# Menu beim TrayIcon ausblenden



## LovelySacrefice (5. Okt 2010)

Hallo,

habe folgendes Problem. Habe ein TrayIcon mit JPopup- Menü. Alles klappt soweit gut. Alle FUnktionen werden geladen etc... 
Nur ist eine Sache richtig nervig: Wenn ich nichts auswähle, bleibt das Menü bestehen. 

Weiß jemand, wie ich es einstellen kann, dass wenn ich zB auf den Desktop klicke das Menu wieder verschwindet? Btw, das Problem hab ich nur unter Win 7 und Vista. Auf XP, Linux und Mac OX.x verschwindet es automatisch bei einem Klick auf den Bildschirm. 
Das blöde ist, die meisten User werdern Win7 haben :bahnhof::noe::shock:

Danke im voraus!


----------



## André Uhres (5. Okt 2010)

Mach in dein JPopup-Menü einfach einen Eintrag "Menü schließen".


----------



## slawaweis (5. Okt 2010)

LovelySacrefice hat gesagt.:


> Weiß jemand, wie ich es einstellen kann, dass wenn ich zB auf den Desktop klicke das Menu wieder verschwindet?
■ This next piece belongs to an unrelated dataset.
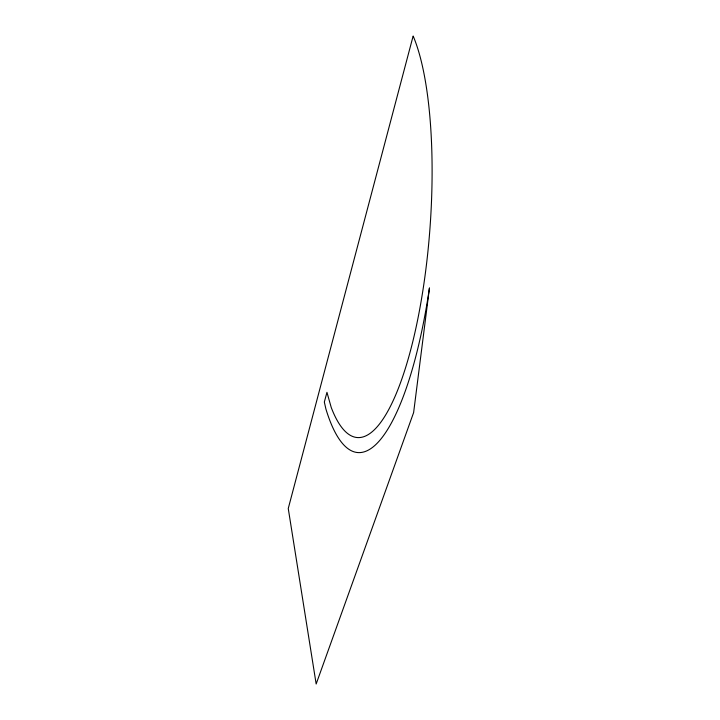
<?xml version="1.0" encoding="UTF-8"?>
<svg xmlns="http://www.w3.org/2000/svg" width="720" height="720" viewBox="0 0 720 720"><rect width="100%" height="100%" fill="white"/><g stroke="black" fill="none" stroke-linecap="round" stroke-linejoin="round"><path stroke-width="1.08" d="M429.435 288.081L413.622 412.587L316.161 684L288.252 508.518L413.145 36A214.326 57.105 -85.8 0 1 415.584 329.607A214.326 57.105 -85.8 0 1 331.245 407.511L326.961 392.346L324.333 402.03L325.89 408.942A230.292 61.515 -85.8 0 0 429.435 288.081"/></g></svg>

dazu ist der FocusListener da. Auf dem JPopup registrieren und bei focusLost das Popup schließen.

FocusListener (Java 2 Platform SE v1.4.2)

Slawa


----------



## André Uhres (6. Okt 2010)

Das ist kein JPopupMenu!

Gruß,
André


----------



## Runtime (6. Okt 2010)

Soviel ich weiss, ist das die Sache von Windows, da kann man nichts machen ohne nativen Code, selbst dann ist es auch nicht 100%-ig möglich.


----------



## slawaweis (6. Okt 2010)

André Uhres hat gesagt.:


> Das ist kein JPopupMenu!


im ersten Beitrag steht "JPopup- Menü".

Slawa


----------



## Runtime (6. Okt 2010)

Aber TrayIcon ist eine AWT Klasse, deshalb wäre es eigentlich ein PopupMenu.


----------



## slawaweis (6. Okt 2010)

Runtime hat gesagt.:


> Aber TrayIcon ist eine AWT Klasse, deshalb wäre es eigentlich ein PopupMenu.


man kann auch ein JPopupMenu mit TrayIcon verwenden.

Slawa


----------



## shadow123 (6. Okt 2010)

Hi,

versuch mal dein unsichtbares Fenster in den Vordergrund zu setzen. Dann sollte das Menü verschwinden wenn es den Focus verliert. So z. B. funktioniert es bei native Programmiersprachen (Delphi, C/C++).

Gruß


----------



## André Uhres (7. Okt 2010)

Der Vorschlag von shadow123 wird imho eher funktionieren als der von slawaweis (mein Vorschlag funktioniert selbstverständlich).

Gruß,
André


----------



## Runtime (12. Nov 2010)

Mir ist gerade, als ich mit einem TrayIcon gearbeitet habe, eine Idee gekommen:
Dem TrayIcon kann man einen MouseListener adden, mit dessen Event man dann die Screen-Koordinaten herausliest und dort ein JPopupMenu zeigt, und dann macht mans wie oben beschrieben.
Edit:
Als Invoker kann man das Fenster benutzen, das erzeugt wird wenn man das TrayIcon zum Tray hinzufügt, damit sich die Andwendung nicht beendet wenn alle anderen Frames disposed sind. In dieses Fenster kommt man mit Window.getWindows().


----------



## André Uhres (13. Nov 2010)

Hallo Runtime,

einen JPopupMenu anzuzeigen, ist selbstverständlich kein Problem. Auch ist dein Vorschlag anscheinend identisch mit dem von slawaweis. Ich bezweifle aber, dass er das Problem von LovelySacrefice löst.

Gruß,
André


----------



## Runtime (13. Nov 2010)

Doch, wenn es den Fokus verliert, veschwindet es.


----------



## André Uhres (14. Nov 2010)

Runtime hat gesagt.:


> Doch, wenn es den Fokus verliert, verschwindet es.



Das mag ja sein, aber wenn es genügt, statt PopupMenu einfach JPopupMenu zu nehmen, dann versteh ich nicht, was du damit meinst, wenn du oben schreibst: "und dann macht man's wie oben beschrieben".

Gruß,
André


----------



## Runtime (14. Nov 2010)

Das ist ein Überlegungsfehler . Einfach nicht beachten.


----------



## LovelySacrefice (18. Feb 2011)

Das lustige ist jetzt, ich habe das Problem nur unter Win 7 ^^
Auf Win XP (da wo es überwiegend eingesetzt wird derzeit) funktioniert es wie es soll.
Hab ich vor kurzen zufällig entdeckt... ^^


----------